# Mozart Piece with LASS



## requiem_aeternam7 (May 13, 2010)

Hey guys. This is one of my favorite Mozart pieces. The benedictus from his great Mass in C minor. This is just a little bit of the opening that I mocked up quickly today for fun. I plan to eventually mock up the whole thing it's just that where it leaves off is right where the choir part begins and when I tried putting the EWQL Choir in there it just sounded abominable so perhaps I'll wait to get the tonehammer Requiem to finish this sucker...

But am looking for comments on how to improve it so far. I know I rushed through it so there's a few things that stand out like awkward jutting bass notes in the opening that I have to sculpt better but anything else mix wise you guys can recommend??

p.s. this is LASS and VSL (woodwinds/horns).


http://www.zshare.net/audio/76064795d02ba6a8/


----------



## requiem_aeternam7 (May 13, 2010)

tomgahagan @ Thu May 13 said:


> wow... you are off to a great start. Awesome!
> 
> About the only thing that I felt was that it might be a shade too legato. Perhaps it is a rhythm thing I am just not sure but it might need some lightness added for more of a Baroque feeling.
> 
> ...



hey thanks for the comments. you're right since I rushed it I didn't even bother to add any other articulations other than legatos for every single instrument so far...so you're right the whole damn thing is in legato only ...I'll try to go in and intersperse some phrases with staccatos where appropriate. 

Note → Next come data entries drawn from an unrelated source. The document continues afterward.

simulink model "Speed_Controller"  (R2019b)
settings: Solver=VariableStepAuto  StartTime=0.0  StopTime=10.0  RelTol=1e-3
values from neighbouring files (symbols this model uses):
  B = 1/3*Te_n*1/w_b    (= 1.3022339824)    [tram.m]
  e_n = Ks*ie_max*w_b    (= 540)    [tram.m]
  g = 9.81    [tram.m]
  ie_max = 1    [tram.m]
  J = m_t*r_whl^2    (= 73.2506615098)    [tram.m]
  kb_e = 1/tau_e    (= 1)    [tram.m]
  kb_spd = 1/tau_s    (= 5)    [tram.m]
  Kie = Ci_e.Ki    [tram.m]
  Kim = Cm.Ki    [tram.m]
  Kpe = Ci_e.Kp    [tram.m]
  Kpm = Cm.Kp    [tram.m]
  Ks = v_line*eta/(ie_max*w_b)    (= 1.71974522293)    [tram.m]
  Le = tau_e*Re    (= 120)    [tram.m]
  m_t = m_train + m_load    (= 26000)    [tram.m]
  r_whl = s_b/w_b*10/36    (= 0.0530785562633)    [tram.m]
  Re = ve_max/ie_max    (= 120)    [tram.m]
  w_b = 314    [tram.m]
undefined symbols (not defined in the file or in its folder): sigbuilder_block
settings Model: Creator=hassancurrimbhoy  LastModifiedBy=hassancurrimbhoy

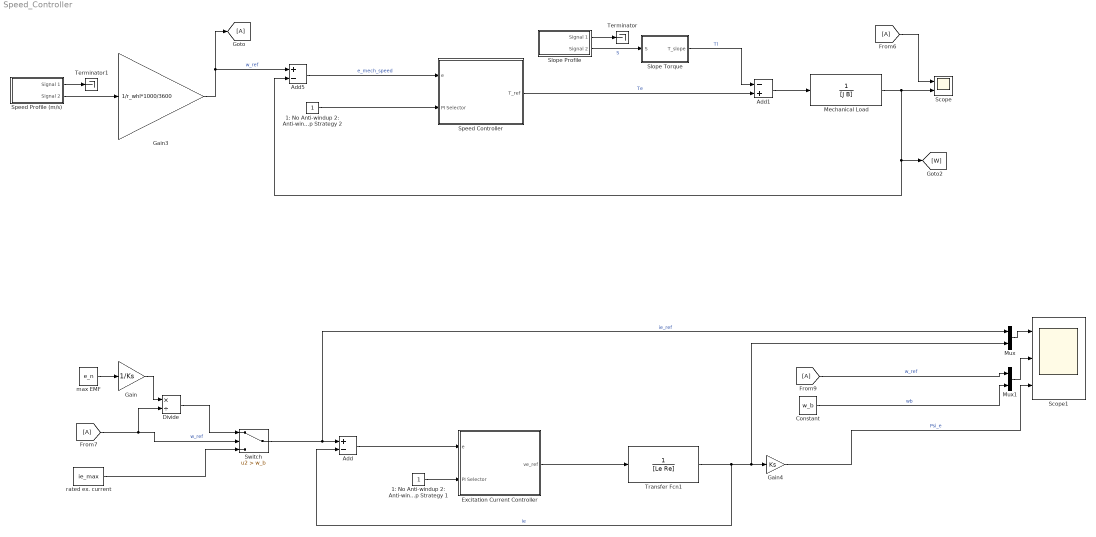
== system Speed_Controller ==
  1: No Anti-windup 2: Anti-windup Stragtegy 1 3: Anti-windup Strategy 2 : Constant
  1: No Anti-windup 2: Anti-windup Strategy 1 3: Anti-windup Strategy 1 : Constant
  Add : Sum  Inputs=+-
  Add1 : Sum  Inputs=-+
  Add5 : Sum  Inputs=+-
  Constant : Constant  Value=w_b
  Divide : Product  Inputs=*/
  Excitation Current Controller : Subsystem
  Gain : Gain  Gain=1/Ks
  Gain3 : Gain  Gain=1/r_whl*1000/3600
  Gain4 : Gain  Gain=Ks
  Mechanical Load : TransferFcn  Denominator=[J B]
  Mux : Mux  Inputs=2
  Mux1 : Mux  Inputs=2
  Scope : Scope  NumInputPorts=2
  Scope1 : Scope  NumInputPorts=3
  Slope Profile : Subsystem  Tag=STV Subsys  LoadFcn=sigbuilder_block('load');  StartFcn=sigbuilder_block('start');  StopFcn=sigbuilder_block('stop');  ClipboardFcn=sigbuilder_block('clipboard');  mask(Sigbuilder block){tuvar=[0:10]}
      mask help: Simulink:masks:SigbuilderBlock_MD
      mask init:
      | if ~strcmp(get_param(bdroot(gcbh),'SimulationStatus'),'stopped') tuvar = sigbuilder_block('maskInit'); end
      settings: CopyFcn=sigbuilder_block('copy');  DeleteFcn=sigbuilder_block('delete');  ModelCloseFcn=sigbuilder_block('modelClose');  PreSaveFcn=sigbuilder_block('preSave');  PauseFcn=sigbuilder_block('pause');  ContinueFcn=sigbuilder_block('continue');  NameChangeFcn=sigbuilder_block('namechange');  OpenFcn=sigbuilder_block('open',[437.6 199.2 550.4 400 ]);  CloseFcn=sigbuilder_block('close');
      mask Display: plot(0, 0, 100, 100,[2, 2, 32, 32, 2], [68, 8, 8, 68, 68],[32, 2], [38, 38], [32, 19, 2],[53, 60, 44], [32, 17, 17, 2],[16, 16, 31, 31]);txt = getActiveGroup(gcbh);text(2, 100, txt,'verticalAlignment', 'top');
  Slope Torque : Subsystem
  Speed Controller : Subsystem
  Speed Profile (m/s) : Subsystem  Tag=STV Subsys  LoadFcn=sigbuilder_block('load');  StartFcn=sigbuilder_block('start');  StopFcn=sigbuilder_block('stop');  ClipboardFcn=sigbuilder_block('clipboard');  mask(Sigbuilder block){tuvar=[0:10]}
      mask help: Simulink:masks:SigbuilderBlock_MD
      mask init:
      | if ~strcmp(get_param(bdroot(gcbh),'SimulationStatus'),'stopped') tuvar = sigbuilder_block('maskInit'); end
      settings: CopyFcn=sigbuilder_block('copy');  DeleteFcn=sigbuilder_block('delete');  ModelCloseFcn=sigbuilder_block('modelClose');  PreSaveFcn=sigbuilder_block('preSave');  PauseFcn=sigbuilder_block('pause');  ContinueFcn=sigbuilder_block('continue');  NameChangeFcn=sigbuilder_block('namechange');  OpenFcn=sigbuilder_block('open',[437.6 199.2 550.4 400 ]);  CloseFcn=sigbuilder_block('close');
      mask Display: plot(0, 0, 100, 100,[2, 2, 32, 32, 2], [68, 8, 8, 68, 68],[32, 2], [38, 38], [32, 19, 2],[53, 60, 44], [32, 17, 17, 2],[16, 16, 31, 31]);txt = getActiveGroup(gcbh);text(2, 100, txt,'verticalAlignment', 'top');
  Switch : Switch  Criteria=u2 > Threshold  Threshold=w_b
  Terminator : Terminator
  Terminator1 : Terminator
  Transfer Fcn1 : TransferFcn  Denominator=[Le Re]
  max EMF : Constant  Value=e_n
  rated ex. current : Constant  Value=ie_max
  wires:
  Mux1/1 -> Scope1/2
  Gain4/1 -> Scope1/3  "Psi_e"
  1: No Anti-windup 2: Anti-windup Stragtegy 1 3: Anti-windup Strategy 2/1 -> Speed Controller/2(PI Selector)
  [A] -> Mux1/1  "w_ref"
  Add1/1 -> Mechanical Load/1
  [A] -> Divide/2, Switch/2  "w_ref"
  Constant/1 -> Mux1/2  "wb"
  Gain3/1 -> Add5/1, [A]  "w_ref"
  Gain/1 -> Divide/1
  Mechanical Load/1 -> Add5/2, [W], Scope/2
  max EMF/1 -> Gain/1
  Add5/1 -> Speed Controller/1(e)  "e_mech_speed"
  Slope Profile/1(Signal 1) -> Terminator/1
  Transfer Fcn1/1 -> Mux/2, Gain4/1, Add/2  "ie"
  rated ex. current/1 -> Switch/3
  1: No Anti-windup 2: Anti-windup Strategy 1 3: Anti-windup Strategy 1/1 -> Excitation Current Controller/2("PI Selector ")
  Excitation Current Controller/1("ve_ref ") -> Transfer Fcn1/1
  Divide/1 -> Switch/1
  Mux/1 -> Scope1/1
  Add/1 -> Excitation Current Controller/1(e)
  [A] -> Scope/1
  Slope Profile/2(Signal 2) -> Slope Torque/1(S)  "S"
  Speed Controller/1("T_ref ") -> Add1/2  "Te"
  Speed Profile (m/s)/1(Signal 1) -> Terminator1/1
  Switch/1 -> Mux/1, Add/1  "ie_ref"
  Slope Torque/1(T_slope) -> Add1/1  "Tl"
  Speed Profile (m/s)/2(Signal 2) -> Gain3/1

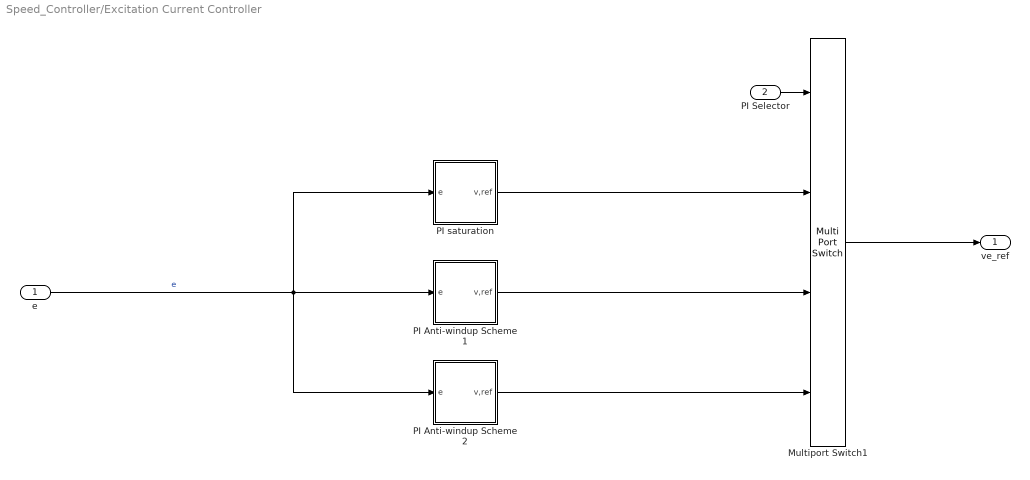
== system Speed_Controller/Excitation Current Controller ==
  e : Inport
  "PI Selector " : Inport  Port=2
  Multiport Switch1 : MultiPortSwitch
  PI Anti-windup Scheme 1 : Subsystem
  PI Anti-windup Scheme 2 : Subsystem
  PI saturation : Subsystem
  "ve_ref " : Outport
  wires:
  PI saturation/1(v,ref) -> Multiport Switch1/2
  PI Anti-windup Scheme 2/1(v,ref) -> Multiport Switch1/4
  e/1 -> PI saturation/1(e), PI Anti-windup Scheme 1/1(e), PI Anti-windup Scheme 2/1(e)  "e"
  PI Anti-windup Scheme 1/1(v,ref) -> Multiport Switch1/3
  "PI Selector "/1 -> Multiport Switch1/1
  Multiport Switch1/1 -> "ve_ref "/1

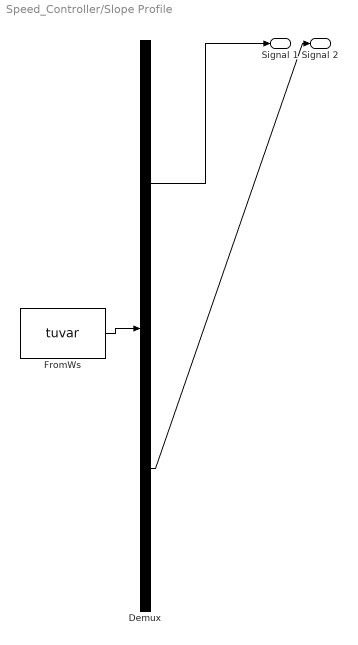
== system Speed_Controller/Slope Profile ==
  Demux : Demux  Tag=STV Demux  Outputs=2
  FromWs : FromWorkspace  Tag=STV FromWs  VariableName=tuvar  SampleTime=0
      SigBuilderData=|
      | common.afterFinalStr = 'Extrapolate'
      | common.sampleTime = 0
      | dataSet.timeRange = [0 10]
      | dataSet.name = 'Group 1'
      | sbobj.Groups.Name = 'Group 1'
      | sbobj.Groups.Signals(1).Name = 'Signal 1'
      | sbobj.Groups.Signals(1).XData = [0 4 4 6 6 10]
      | sbobj.Groups.Signals(1).YData = [0 0 1 1 0 0]
      | sbobj.Groups.Signals(2).Name = 'Signal 2'
      | sbobj.Groups.Signals(2).XData = [0 1 2 3 3 4 4 5 6 7 8 8 9 9 10]
      | sbobj.Groups.Signals(2).YData = [0 0 0 0 5 5 0 0 0 0 0 -5 -5 0 0]
  Signal 1 : Outport  Tag=STV Outport
  Signal 2 : Outport  Tag=STV Outport  Port=2
  wires:
  Demux/1 -> Signal 1/1
  FromWs/1 -> Demux/1
  Demux/2 -> Signal 2/1

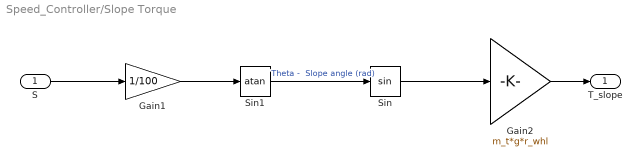
== system Speed_Controller/Slope Torque ==
  S : Inport
  Gain1 : Gain  Gain=1/100
  Gain2 : Gain  Gain=m_t*g*r_whl
  Sin : Trigonometry
  Sin1 : Trigonometry  Operator=atan
  T_slope : Outport
  wires:
  Sin/1 -> Gain2/1
  S/1 -> Gain1/1
  Sin1/1 -> Sin/1  "Theta -  Slope angle (rad)"
  Gain2/1 -> T_slope/1
  Gain1/1 -> Sin1/1

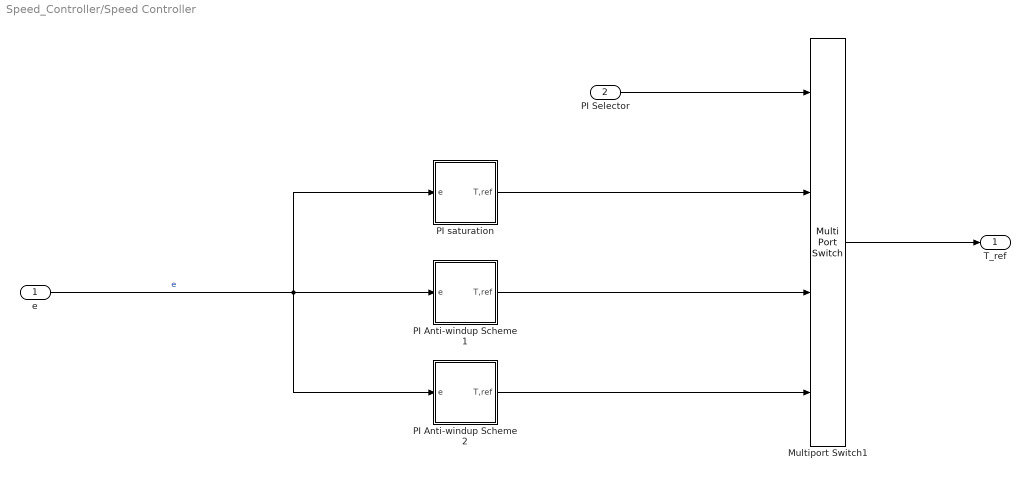
== system Speed_Controller/Speed Controller ==
  e : Inport
  PI Selector : Inport  Port=2
  Multiport Switch1 : MultiPortSwitch
  PI Anti-windup Scheme 1 : Subsystem
  PI Anti-windup Scheme 2 : Subsystem
  PI saturation : Subsystem
  "T_ref " : Outport
  wires:
  PI Anti-windup Scheme 1/1(T,ref) -> Multiport Switch1/3
  e/1 -> PI saturation/1(e), PI Anti-windup Scheme 1/1(e), PI Anti-windup Scheme 2/1(e)  "e"
  Multiport Switch1/1 -> "T_ref "/1
  PI saturation/1(T,ref) -> Multiport Switch1/2
  PI Selector/1 -> Multiport Switch1/1
  PI Anti-windup Scheme 2/1(T,ref) -> Multiport Switch1/4

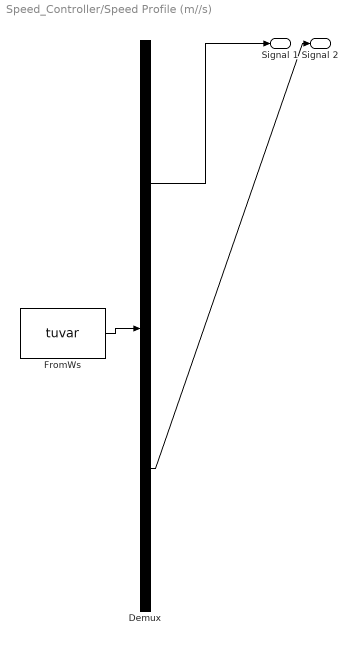
== system Speed_Controller/Speed Profile (m//s) ==
  Demux : Demux  Tag=STV Demux  Outputs=2
  FromWs : FromWorkspace  Tag=STV FromWs  VariableName=tuvar  SampleTime=0
      SigBuilderData=|
      | common.afterFinalStr = 'Extrapolate'
      | common.sampleTime = 0
      | dataSet.timeRange = [0 10]
      | dataSet.name = 'Group 1'
      | sbobj.Groups.Name = 'Group 1'
      | sbobj.Groups.Signals(1).Name = 'Signal 1'
      | sbobj.Groups.Signals(1).XData = [0 1 1 2 2 10]
      | sbobj.Groups.Signals(1).YData = [0 0 35 35 60 0]
      | sbobj.Groups.Signals(2).Name = 'Signal 2'
      | sbobj.Groups.Signals(2).XData = [0 1 1 2 2 3 4 4 5 6 6 7 8 9 9 10]
      | sbobj.Groups.Signals(2).YData = [0 0 35 35 60 60 60 75 75 75 60 60 60 60 35 35]
  Signal 1 : Outport  Tag=STV Outport
  Signal 2 : Outport  Tag=STV Outport  Port=2
  wires:
  Demux/1 -> Signal 1/1
  FromWs/1 -> Demux/1
  Demux/2 -> Signal 2/1

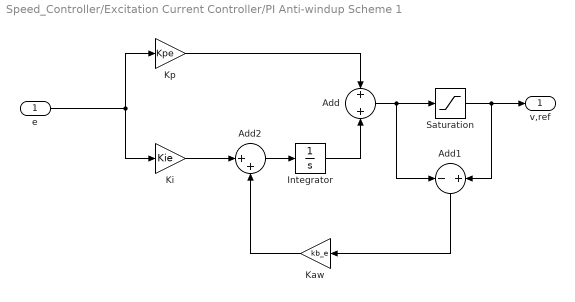
== system Speed_Controller/Excitation Current Controller/PI Anti-windup Scheme 1 ==
  e : Inport
  Add : Sum
  Add1 : Sum  Inputs=-+
  Add2 : Sum  Inputs=|++
  Integrator : Integrator
  Kaw : Gain  Gain=kb_e
  Ki : Gain  Gain=Kie
  Kp : Gain  Gain=Kpe
  Saturation : Saturate  UpperLimit=1  LowerLimit=-1
  v,ref : Outport
  wires:
  Ki/1 -> Add2/1
  Kp/1 -> Add/1
  Add/1 -> Add1/1, Saturation/1
  Integrator/1 -> Add/2
  e/1 -> Ki/1, Kp/1
  Saturation/1 -> Add1/2, v,ref/1
  Add2/1 -> Integrator/1
  Add1/1 -> Kaw/1
  Kaw/1 -> Add2/2

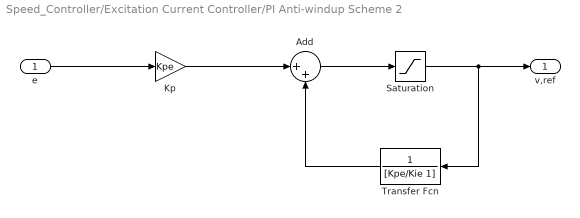
== system Speed_Controller/Excitation Current Controller/PI Anti-windup Scheme 2 ==
  e : Inport
  Add : Sum  Inputs=|++
  Kp : Gain  Gain=Kpe
  Saturation : Saturate  UpperLimit=1  LowerLimit=-1
  Transfer Fcn : TransferFcn  Denominator=[Kpe/Kie 1]
  v,ref : Outport
  wires:
  Kp/1 -> Add/1
  e/1 -> Kp/1
  Add/1 -> Saturation/1
  Transfer Fcn/1 -> Add/2
  Saturation/1 -> Transfer Fcn/1, v,ref/1

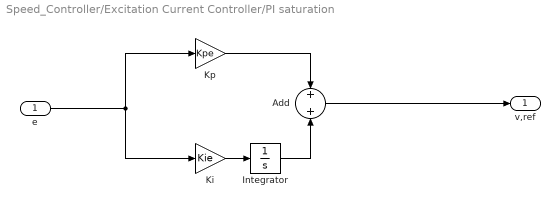
== system Speed_Controller/Excitation Current Controller/PI saturation ==
  e : Inport
  Add : Sum
  Integrator : Integrator
  Ki : Gain  Gain=Kie
  Kp : Gain  Gain=Kpe
  v,ref : Outport
  wires:
  Ki/1 -> Integrator/1
  Kp/1 -> Add/1
  Integrator/1 -> Add/2
  e/1 -> Ki/1, Kp/1
  Add/1 -> v,ref/1

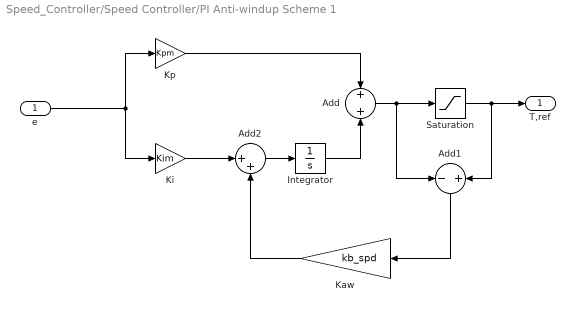
== system Speed_Controller/Speed Controller/PI Anti-windup Scheme 1 ==
  e : Inport
  Add : Sum
  Add1 : Sum  Inputs=-+
  Add2 : Sum  Inputs=|++
  Integrator : Integrator
  Kaw : Gain  Gain=kb_spd
  Ki : Gain  Gain=Kim
  Kp : Gain  Gain=Kpm
  Saturation : Saturate
  T,ref : Outport
  wires:
  Ki/1 -> Add2/1
  Kp/1 -> Add/1
  Add/1 -> Add1/1, Saturation/1
  Integrator/1 -> Add/2
  e/1 -> Ki/1, Kp/1
  Saturation/1 -> Add1/2, T,ref/1
  Add2/1 -> Integrator/1
  Add1/1 -> Kaw/1
  Kaw/1 -> Add2/2

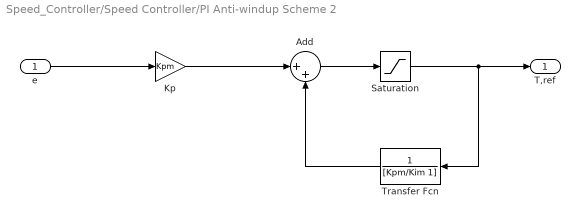
== system Speed_Controller/Speed Controller/PI Anti-windup Scheme 2 ==
  e : Inport
  Add : Sum  Inputs=|++
  Kp : Gain  Gain=Kpm
  Saturation : Saturate  UpperLimit=45  LowerLimit=-45
  Transfer Fcn : TransferFcn  Denominator=[Kpm/Kim 1]
  T,ref : Outport
  wires:
  Kp/1 -> Add/1
  e/1 -> Kp/1
  Saturation/1 -> Transfer Fcn/1, T,ref/1
  Add/1 -> Saturation/1
  Transfer Fcn/1 -> Add/2

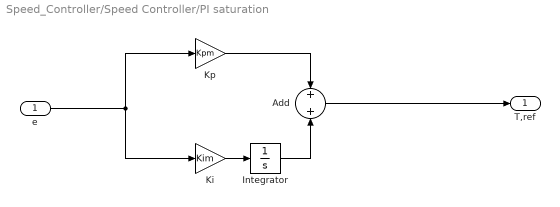
== system Speed_Controller/Speed Controller/PI saturation ==
  e : Inport
  Add : Sum
  Integrator : Integrator
  Ki : Gain  Gain=Kim
  Kp : Gain  Gain=Kpm
  T,ref : Outport
  wires:
  Ki/1 -> Integrator/1
  Kp/1 -> Add/1
  Integrator/1 -> Add/2
  e/1 -> Ki/1, Kp/1
  Add/1 -> T,ref/1

took me a few minutes to figure out who the heck "Wolf" is....I'm slow I know lol... yes you're right he was studying old man Bach for the first time heavily at this time at Van Swieten's house and his music took on a new contrapuntality ... in fact that's one of the reasons I chose to do this piece for a mockup because it helps be brush up on my theory/counterpoint by inputting by hand all of these inner voices and such, but other than that I just feel it's one of the most moving pieces Wolfie ever wrote. 

Is there anything good you or anyone can suggest as to what I can use in place of the choir for the voices until I can get some better choirs in there. I was thinking of using Organ to stand in for the choral parts, or perhaps brass? Or just piano?


----------



## fido94 (May 15, 2010)

for some reason the link doesn't work for me. I get to the webpage but I can't play/download the file.


----------



## requiem_aeternam7 (May 15, 2010)

fido94 @ Sat May 15 said:


> for some reason the link doesn't work for me. I get to the webpage but I can't play/download the file.



here this one should stay up. today I'll be adding more of the piece so I'll also add an update though this one is already slightly updated from the previous just to tweak a few things

http://www.box.net/shared/zhrj8a45cx


----------



## hbuus (May 15, 2010)

RA, this sounds beautiful! Especially those WW's - they sound gorgeous. That's VSL for ya, I guess! - It's not often we get to hear this kind of music here on VI Control, I think (baroque style? Not sure what it's called). I like it very much.

Anyway, before commenting further, is it possible you could upload a version where reverb is reduced a bit? There's a lot of it right now, I think, making it hard to hear the details in the piece.

Enjoyed listened to this, RA!

Best,
Henrik


----------